▶ [Task requirements]:
The records below need to be set down again exactly; their images stay out.

- - - -

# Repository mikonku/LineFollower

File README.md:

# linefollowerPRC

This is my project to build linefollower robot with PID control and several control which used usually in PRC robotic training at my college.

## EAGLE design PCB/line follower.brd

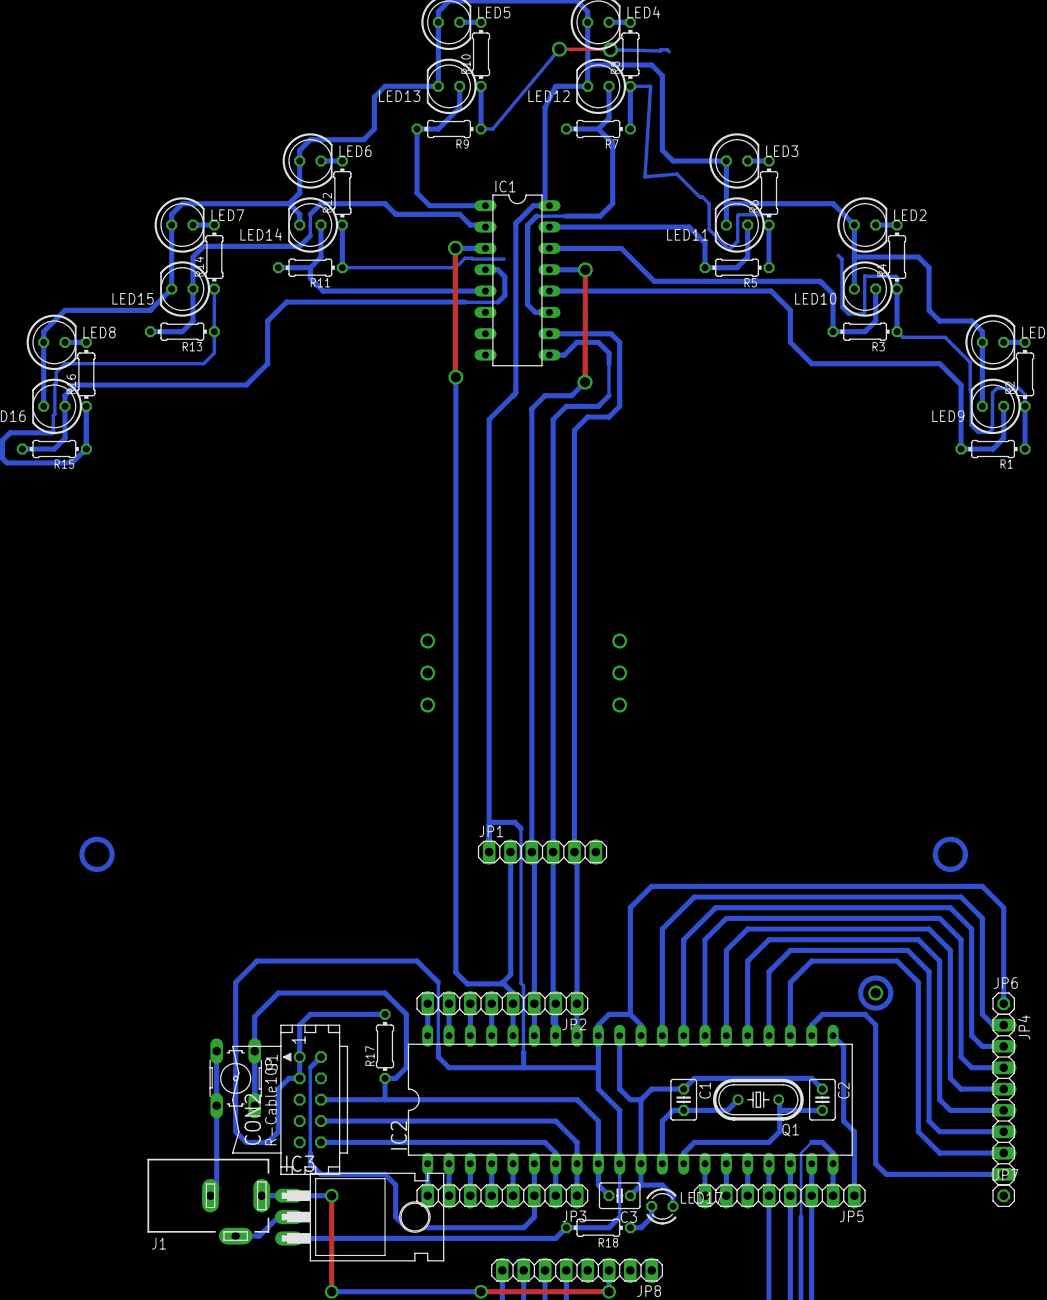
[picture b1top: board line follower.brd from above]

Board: 2 copper layers, 53 parts (0 on the bottom side), 55 nets.

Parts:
C1, C2, C3: C025-030X050
CON2: CON10L
IC1: 4052N; DIL16
IC2: MEGA32-P; DIL40
IC3: 7805T; TO220H
J1: DCJ0303
JP1: 1X06
JP2, JP3, JP4, JP5, JP8: 1X08
JP6, JP7: 1X01
LED1, LED2, LED3, LED4, LED5, LED6, LED7, LED8, LED9, LED10, LED11, LED12, LED13, LED14, LED15, LED16: LED5MM
LED17: LED3MM
Q1: HC49U-V
R1, R2, R3, R4, R5, R6, R7, R8, R9, R10, R11, R12, R13, R14, R15, R16, R17, R18: 0204/7
S1: B3F-10XX

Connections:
+12V: IC3.1, J1.1, JP8.3
GND: C1.1, C2.1, C3.1, CON2.7, CON2.9, IC1.6, IC1.8, IC2.11, IC2.31, IC3.2, J1.2, J1.3, JP1.6, JP7.1, JP8.1, JP8.4, LED17.K, R1.1, R2.1, R3.1, R4.1, R5.1, R6.1, R7.1, R8.1, R9.1, R10.1, R11.1, R12.1, R13.1, R14.1, R15.1, R16.1, S1.3, S1.4
unnamed: LED1.K, R2.2
unnamed: IC1.12, LED9.A, R1.2
unnamed: IC1.9, IC2.34, JP1.4, JP2.2
unnamed: IC2.37, JP2.5
unnamed: LED2.K, R4.2
unnamed: IC1.14, LED10.A, R3.2
unnamed: LED3.K, R6.2
unnamed: IC1.15, LED11.A, R5.2
unnamed: LED4.K, R8.2
unnamed: IC1.11, LED12.A, R7.2
unnamed: LED5.K, R10.2
unnamed: IC1.3, IC2.36, JP1.2, JP2.4
unnamed: LED6.K, R12.2
unnamed: IC1.13, IC2.35, JP1.3, JP2.3
unnamed: LED7.K, R14.2
unnamed: LED8.K, R16.2
unnamed: IC2.19, JP5.3, JP8.8
unnamed: C1.2, IC2.12, Q1.2
unnamed: C2.2, IC2.13, Q1.1
unnamed: CON2.8, IC2.8, JP3.1
unnamed: C3.2, CON2.6, IC2.9, R17.1, S1.1, S1.2
unnamed: LED17.A, R18.1
unnamed: CON2.2, IC2.6, JP3.3
unnamed: CON2.10, IC2.7, JP3.2
unnamed: IC1.10, IC2.33, JP1.5, JP2.1
unnamed: IC2.38, JP2.6
unnamed: IC2.39, JP2.7
unnamed: IC2.40, JP2.8
unnamed: IC2.5, JP3.4
unnamed: IC2.4, JP3.5
unnamed: IC2.3, JP3.6
unnamed: IC2.2, JP3.7
unnamed: IC2.1, JP3.8
unnamed: IC2.29, JP4.1
unnamed: IC1.4, LED16.A, R15.2
unnamed: IC1.2, LED15.A, R13.2
unnamed: IC1.5, LED14.A, R11.2
unnamed: IC1.1, LED13.A, R9.2
unnamed: IC2.28, JP4.2
unnamed: IC2.27, JP4.3
unnamed: IC2.26, JP4.4
unnamed: IC2.25, JP4.5
unnamed: IC2.24, JP4.6
unnamed: IC2.23, JP4.7
unnamed: IC2.22, JP4.8
unnamed: IC2.21, JP5.1
unnamed: IC2.20, JP5.2, JP8.7
unnamed: IC2.18, JP5.4, JP8.6
unnamed: IC2.17, JP5.5, JP8.5
unnamed: IC2.16, JP5.6
unnamed: IC2.15, JP5.7
unnamed: IC2.14, JP5.8
VCC: CON2.1, CON2.3, IC1.16, IC2.10, IC2.30, IC2.32, IC3.3, JP1.1, JP6.1, LED1.A, LED2.A, LED3.A, LED4.A, LED5.A, LED6.A, LED7.A, LED8.A, LED9.K, LED10.K, LED11.K, LED12.K, LED13.K, LED14.K, LED15.K, LED16.K, R17.2, R18.2

- - - -

▶ [Task answer]:
# Repository mikonku/LineFollower

File README.md:

# linefollowerPRC

This is my project to build linefollower robot with PID control and several control which used usually in PRC robotic training at my college.

## EAGLE design PCB/line follower.brd

[picture b1top: board line follower.brd from above]

Board: 2 copper layers, 53 parts (0 on the bottom side), 55 nets.

Parts:
C1, C2, C3: C025-030X050
CON2: CON10L
IC1: 4052N; DIL16
IC2: MEGA32-P; DIL40
IC3: 7805T; TO220H
J1: DCJ0303
JP1: 1X06
JP2, JP3, JP4, JP5, JP8: 1X08
JP6, JP7: 1X01
LED1, LED2, LED3, LED4, LED5, LED6, LED7, LED8, LED9, LED10, LED11, LED12, LED13, LED14, LED15, LED16: LED5MM
LED17: LED3MM
Q1: HC49U-V
R1, R2, R3, R4, R5, R6, R7, R8, R9, R10, R11, R12, R13, R14, R15, R16, R17, R18: 0204/7
S1: B3F-10XX

Connections:
+12V: IC3.1, J1.1, JP8.3
GND: C1.1, C2.1, C3.1, CON2.7, CON2.9, IC1.6, IC1.8, IC2.11, IC2.31, IC3.2, J1.2, J1.3, JP1.6, JP7.1, JP8.1, JP8.4, LED17.K, R1.1, R2.1, R3.1, R4.1, R5.1, R6.1, R7.1, R8.1, R9.1, R10.1, R11.1, R12.1, R13.1, R14.1, R15.1, R16.1, S1.3, S1.4
unnamed: LED1.K, R2.2
unnamed: IC1.12, LED9.A, R1.2
unnamed: IC1.9, IC2.34, JP1.4, JP2.2
unnamed: IC2.37, JP2.5
unnamed: LED2.K, R4.2
unnamed: IC1.14, LED10.A, R3.2
unnamed: LED3.K, R6.2
unnamed: IC1.15, LED11.A, R5.2
unnamed: LED4.K, R8.2
unnamed: IC1.11, LED12.A, R7.2
unnamed: LED5.K, R10.2
unnamed: IC1.3, IC2.36, JP1.2, JP2.4
unnamed: LED6.K, R12.2
unnamed: IC1.13, IC2.35, JP1.3, JP2.3
unnamed: LED7.K, R14.2
unnamed: LED8.K, R16.2
unnamed: IC2.19, JP5.3, JP8.8
unnamed: C1.2, IC2.12, Q1.2
unnamed: C2.2, IC2.13, Q1.1
unnamed: CON2.8, IC2.8, JP3.1
unnamed: C3.2, CON2.6, IC2.9, R17.1, S1.1, S1.2
unnamed: LED17.A, R18.1
unnamed: CON2.2, IC2.6, JP3.3
unnamed: CON2.10, IC2.7, JP3.2
unnamed: IC1.10, IC2.33, JP1.5, JP2.1
unnamed: IC2.38, JP2.6
unnamed: IC2.39, JP2.7
unnamed: IC2.40, JP2.8
unnamed: IC2.5, JP3.4
unnamed: IC2.4, JP3.5
unnamed: IC2.3, JP3.6
unnamed: IC2.2, JP3.7
unnamed: IC2.1, JP3.8
unnamed: IC2.29, JP4.1
unnamed: IC1.4, LED16.A, R15.2
unnamed: IC1.2, LED15.A, R13.2
unnamed: IC1.5, LED14.A, R11.2
unnamed: IC1.1, LED13.A, R9.2
unnamed: IC2.28, JP4.2
unnamed: IC2.27, JP4.3
unnamed: IC2.26, JP4.4
unnamed: IC2.25, JP4.5
unnamed: IC2.24, JP4.6
unnamed: IC2.23, JP4.7
unnamed: IC2.22, JP4.8
unnamed: IC2.21, JP5.1
unnamed: IC2.20, JP5.2, JP8.7
unnamed: IC2.18, JP5.4, JP8.6
unnamed: IC2.17, JP5.5, JP8.5
unnamed: IC2.16, JP5.6
unnamed: IC2.15, JP5.7
unnamed: IC2.14, JP5.8
VCC: CON2.1, CON2.3, IC1.16, IC2.10, IC2.30, IC2.32, IC3.3, JP1.1, JP6.1, LED1.A, LED2.A, LED3.A, LED4.A, LED5.A, LED6.A, LED7.A, LED8.A, LED9.K, LED10.K, LED11.K, LED12.K, LED13.K, LED14.K, LED15.K, LED16.K, R17.2, R18.2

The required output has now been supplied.